Scenario: Replicating a flow and sorting two identical flows respectively - 6.3

Talend Open Studio for Big Data Components Reference Guide

EnrichVersion
6.3
EnrichProdName
Talend Open Studio for Big Data
task
Data Governance
Data Quality and Preparation
Design and Development
EnrichPlatform
Talend Studio

The scenario describes a Job that reads an input flow which contains names and states from a CSV file, replicates the input flow, then sorts the two identical flows based on name and state respectively, and displays the sorted data on the console.

Setting up the Job

  1. Drop the following components from the Palette to the design workspace: one tFileInputDelimited component, one tReplicate component, two tSortRow components, and two tLogRow components.

  2. Connect tFileInputDelimited to tReplicate using a Row > Main link.

  3. Repeat the step above to connect tReplicate to two tSortRow components respectively and connect tSortRow to tLogRow.

  4. Label the components to better identify their functions.

Configuring the components

  1. Double-click the tFileInputDelimited component to open its Basic settings view in the Component tab.

  2. Click the [...] button next to the File name/Stream field to browse to the file from which you want to read the input flow. In this example, the input file is Names&States.csv, which contains two columns: name and state.

    name;state
    Andrew Kennedy;Mississippi
    Benjamin Carter;Louisiana
    Benjamin Monroe;West Virginia
    Bill Harrison;Tennessee
    Calvin Grant;Virginia
    Chester Harrison;Rhode Island
    Chester Hoover;Kansas
    Chester Kennedy;Maryland
    Chester Polk;Indiana
    Dwight Nixon;Nevada
    Dwight Roosevelt;Mississippi
    Franklin Grant;Nebraska
  3. Fill in the Header, Footer and Limit fields according to your needs. In this example, type in 1 in the Header field to skip the first row of the input file.

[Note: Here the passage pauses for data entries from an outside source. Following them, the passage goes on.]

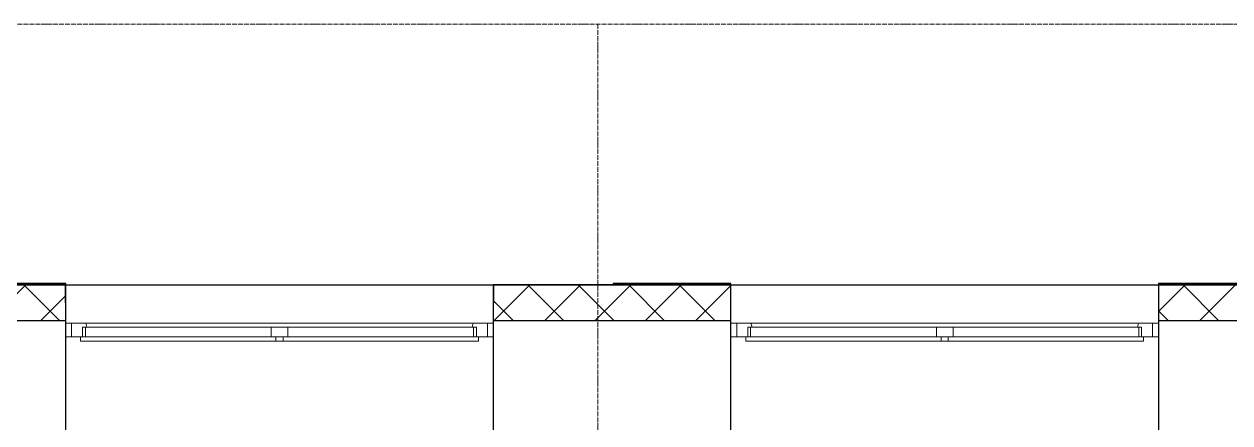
# Model space of a CAD drawing. Header units: millimetres. Extents: x -695119 to 412940, y -249585 to 622758.
# Drawn here: x 32879 to 37955, y -52050 to -50370 of the extents above; entities that cross this region are included whole.
import ezdxf

# ---------------------------------------------------------------- set-up
doc = ezdxf.new("R2010")
doc.units = ezdxf.units.MM
doc.linetypes.add('ADSK_Линия сетки', pattern=[25, 20, -2.5, 0, -2.5])
for name, color, linetype, lineweight in [('Каркас_Импост', 8, 'Continuous', 9), ('Окна', 252, 'Continuous', 9), ('Оси', 252, 'Continuous', 9), ('Стены разрез', 7, 'Continuous', 30), ('Стены штриховка', 7, 'Continuous', 9)]:
    doc.layers.add(name, color=color, linetype=linetype, lineweight=lineweight)
doc.layers.add('Стены', color=194, linetype='Continuous')

# ---------------------------------------------------------------- blocks, each defined once
blk = doc.blocks.new('1 этаж')
at = {"layer": 'Каркас_Импост', "color": 251, "lineweight": 18, "true_color": 0x636466}
for p, q in [((-11811.4, -132807.4), (-11870.8, -132807.4)), ((-11870.8, -132807.4), (-11870.8, -132865.4)), ((-11824.8, -132865.4), (-11824.8, -132824.4)), ((-11824.8, -132824.4), (-11812.8, -132824.4)), ((-11806.8, -132824.4), (-11811.4, -132807.4)), ((-10180.2, -132807.4), (-10184.8, -132824.4)), ((-10120.8, -132807.4), (-10180.2, -132807.4)), ((-10178.8, -132824.4), (-10166.8, -132824.4)), ((-10166.8, -132824.4), (-10166.8, -132865.4)), ((-10120.8, -132865.4), (-10120.8, -132807.4)), ((-9011.4, -132807.4), (-9070.8, -132807.4)), ((-9070.8, -132807.4), (-9070.8, -132865.4)), ((-9024.8, -132865.4), (-9024.8, -132824.4)), ((-9024.8, -132824.4), (-9012.8, -132824.4)), ((-9006.8, -132824.4), (-9011.4, -132807.4)), ((-7380.2, -132807.4), (-7384.8, -132824.4)), ((-7320.8, -132807.4), (-7380.2, -132807.4)), ((-7378.8, -132824.4), (-7366.8, -132824.4)), ((-7366.8, -132824.4), (-7366.8, -132865.4)), ((-7320.8, -132865.4), (-7320.8, -132807.4)), ((-11870.8, -132865.4), (-11832.8, -132865.4)), ((-10158.8, -132865.4), (-10120.8, -132865.4)), ((-9070.8, -132865.4), (-9032.8, -132865.4)), ((-7358.8, -132865.4), (-7320.8, -132865.4))]:
    blk.add_line(p, q, dxfattribs=at)
at = {"layer": 'Каркас_Импост', "color": 251, "true_color": 0x636466}
for p, q in [((-11812.8, -132824.4), (-11030.8, -132824.4)), ((-11812.8, -132865.4), (-11812.8, -132824.4)), ((-10180.2, -132807.4), (-11811.4, -132807.4)), ((-11030.8, -132824.4), (-10960.8, -132824.4)), ((-11030.8, -132824.4), (-11030.8, -132865.4)), ((-10960.8, -132824.4), (-10178.8, -132824.4)), ((-10960.8, -132865.4), (-10960.8, -132824.4)), ((-10178.8, -132824.4), (-10178.8, -132865.4)), ((-9012.8, -132824.4), (-8230.8, -132824.4)), ((-9012.8, -132865.4), (-9012.8, -132824.4)), ((-7380.2, -132807.4), (-9011.4, -132807.4)), ((-8230.8, -132824.4), (-8160.8, -132824.4)), ((-8230.8, -132824.4), (-8230.8, -132865.4)), ((-8160.8, -132824.4), (-7378.8, -132824.4)), ((-8160.8, -132865.4), (-8160.8, -132824.4)), ((-7378.8, -132824.4), (-7378.8, -132865.4)), ((-11832.8, -132865.4), (-11010.8, -132865.4)), ((-11832.8, -132882.4), (-11832.8, -132865.4)), ((-11010.8, -132865.4), (-10980.8, -132865.4)), ((-11010.8, -132865.4), (-11010.8, -132882.4)), ((-10980.8, -132865.4), (-10158.8, -132865.4)), ((-10980.8, -132882.4), (-10980.8, -132865.4)), ((-10158.8, -132865.4), (-10158.8, -132882.4)), ((-9032.8, -132865.4), (-8210.8, -132865.4)), ((-9032.8, -132882.4), (-9032.8, -132865.4)), ((-8210.8, -132865.4), (-8180.8, -132865.4)), ((-8210.8, -132865.4), (-8210.8, -132882.4)), ((-8180.8, -132865.4), (-7358.8, -132865.4)), ((-8180.8, -132882.4), (-8180.8, -132865.4)), ((-7358.8, -132865.4), (-7358.8, -132882.4)), ((-11010.8, -132882.4), (-11832.8, -132882.4)), ((-10980.8, -132882.4), (-11010.8, -132882.4)), ((-10158.8, -132882.4), (-10980.8, -132882.4)), ((-8210.8, -132882.4), (-9032.8, -132882.4)), ((-8180.8, -132882.4), (-8210.8, -132882.4)), ((-7358.8, -132882.4), (-8180.8, -132882.4))]:
    blk.add_line(p, q, dxfattribs=at)
at = {"layer": 'Окна', "color": 251, "true_color": 0x636466}
for p, q in [((-11870.8, -132807.4), (-11895.8, -132807.4)), ((-11870.8, -132865.4), (-11870.8, -132807.4)), ((-10095.8, -132807.4), (-10120.8, -132807.4)), ((-10120.8, -132807.4), (-10120.8, -132865.4)), ((-9070.8, -132807.4), (-9095.8, -132807.4)), ((-9070.8, -132865.4), (-9070.8, -132807.4)), ((-7295.8, -132807.4), (-7320.8, -132807.4)), ((-7320.8, -132807.4), (-7320.8, -132865.4)), ((-11895.8, -132865.4), (-11870.8, -132865.4)), ((-10120.8, -132865.4), (-10095.8, -132865.4)), ((-9095.8, -132865.4), (-9070.8, -132865.4)), ((-7320.8, -132865.4), (-7295.8, -132865.4))]:
    blk.add_line(p, q, dxfattribs=at)
at = {"layer": 'Оси', "color": 251, "linetype": 'ADSK_Линия сетки', "true_color": 0x636466}
for p, q in [((4311.5, -131547.4), (-72628.1, -131547.4)), ((-9655.8, -131547.4), (-9655.8, -160943.1))]:
    blk.add_line(p, q, dxfattribs=at)
at = {"layer": 'Стены', "color": 251, "true_color": 0x636466}
for p, q in [((-11895.8, -132645.4), (-10095.8, -132645.4)), ((-9095.8, -132645.4), (-7295.8, -132645.4)), ((-11895.8, -132797.4), (-12895.8, -132797.4)), ((-9095.8, -132797.4), (-10095.8, -132797.4)), ((-6295.8, -132797.4), (-7295.8, -132797.4))]:
    blk.add_line(p, q, dxfattribs=at)
at = {"layer": 'Стены разрез', "color": 251, "true_color": 0x636466}
for p, q in [((-11895.8, -132645.4), (-12895.8, -132645.4)), ((-11895.8, -132640.4), (-12395.8, -132640.4)), ((-11895.8, -133362.4), (-11895.8, -132640.4)), ((-10095.8, -132645.4), (-10095.8, -133362.4)), ((-9095.8, -132645.4), (-10095.8, -132645.4)), ((-9095.8, -132640.4), (-9590.8, -132640.4)), ((-9590.8, -132640.4), (-9590.8, -132645.4)), ((-9095.8, -133362.4), (-9095.8, -132640.4)), ((-7295.8, -132640.4), (-7295.8, -133362.4)), ((-6795.8, -132640.4), (-7295.8, -132640.4)), ((-6295.8, -132645.4), (-7295.8, -132645.4))]:
    blk.add_line(p, q, dxfattribs=at)
at = {"layer": 'Стены разрез', "color": 251, "linetype": 'Continuous', "lineweight": 9, "true_color": 0x636466}
for p, q in [((-12214.4, -132797.4), (-12064.4, -132647.4)), ((-11920.2, -132797.4), (-12070.2, -132647.4)), ((-10093.1, -132797.4), (-9943.1, -132647.4)), ((-9798.9, -132797.4), (-9948.9, -132647.4)), ((-9880.9, -132797.4), (-9730.9, -132647.4)), ((-9586.7, -132797.4), (-9736.7, -132647.4)), ((-9668.8, -132797.4), (-9518.8, -132647.4)), ((-9621.3, -132645.4), (-9622.4, -132647.4)), ((-9374.6, -132797.4), (-9524.6, -132647.4)), ((-9456.7, -132797.4), (-9306.7, -132647.4)), ((-9415.1, -132641.5), (-9415.7, -132640.4)), ((-9162.5, -132797.4), (-9312.5, -132647.4)), ((-9244.5, -132797.4), (-9097.8, -132650.6)), ((-9097.8, -132649.9), (-9100.3, -132647.4)), ((-7295.8, -132757.8), (-7185.3, -132647.4)), ((-7041.2, -132797.4), (-7191.2, -132647.4)), ((-7123.2, -132797.4), (-6973.2, -132647.4)), ((-12002.2, -132797.4), (-11897.8, -132692.9)), ((-10011, -132797.4), (-10093.8, -132714.6)), ((-7295.8, -132674.8), (-7294.3, -132674.8)), ((-7253.3, -132797.4), (-7295.8, -132754.9))]:
    blk.add_line(p, q, dxfattribs=at)
at = {"layer": 'Стены штриховка', "color": 251, "true_color": 0x636466}
for p, q in [((-11897.8, -132647.4), (-12893.8, -132647.4)), ((-11897.8, -132721.4), (-11897.8, -132647.4)), ((-9097.8, -132647.4), (-10093.8, -132647.4)), ((-10093.8, -132647.4), (-10093.8, -132721.4)), ((-9097.8, -132721.4), (-9097.8, -132647.4)), ((-6297.8, -132647.4), (-7293.8, -132647.4)), ((-7293.8, -132647.4), (-7293.8, -132721.4)), ((-11897.8, -132721.4), (-11895.8, -132721.4)), ((-10095.8, -132721.4), (-10093.8, -132721.4)), ((-9097.8, -132721.4), (-9095.8, -132721.4)), ((-7295.8, -132721.4), (-7293.8, -132721.4))]:
    blk.add_line(p, q, dxfattribs=at)

msp = doc.modelspace()

# ---------------------------------------------------------------- block references
msp.add_blockref('1 этаж', (44950.089, 81176.937))

doc.saveas('drawing.dxf')

  4. Click Edit schema to define the data structure of the input flow.

  5. Double-click the first tSortRow component to open its Basic settings view.

  6. In the Criteria panel, click the [+] button to add one row and set the sorting parameters for the schema column to be processed. To sort the input data by name, select name under Schema column. Select alpha as the sorting type and asc as the sorting order.

    For more information about those parameters, see tSortRow properties.

  7. Double-click the second tSortRow component and repeat the step above to define the sorting parameters for the state column.

  8. In the Basic settings view of each tLogRow component, select Table in the Mode area for a better view of the Job execution result.

Saving and executing the Job

  1. Press Ctrl+S to save your Job.

  2. Execute the Job by pressing F6 or clicking Run on the Run tab.

    The data sorted by name and state are both displayed on the console.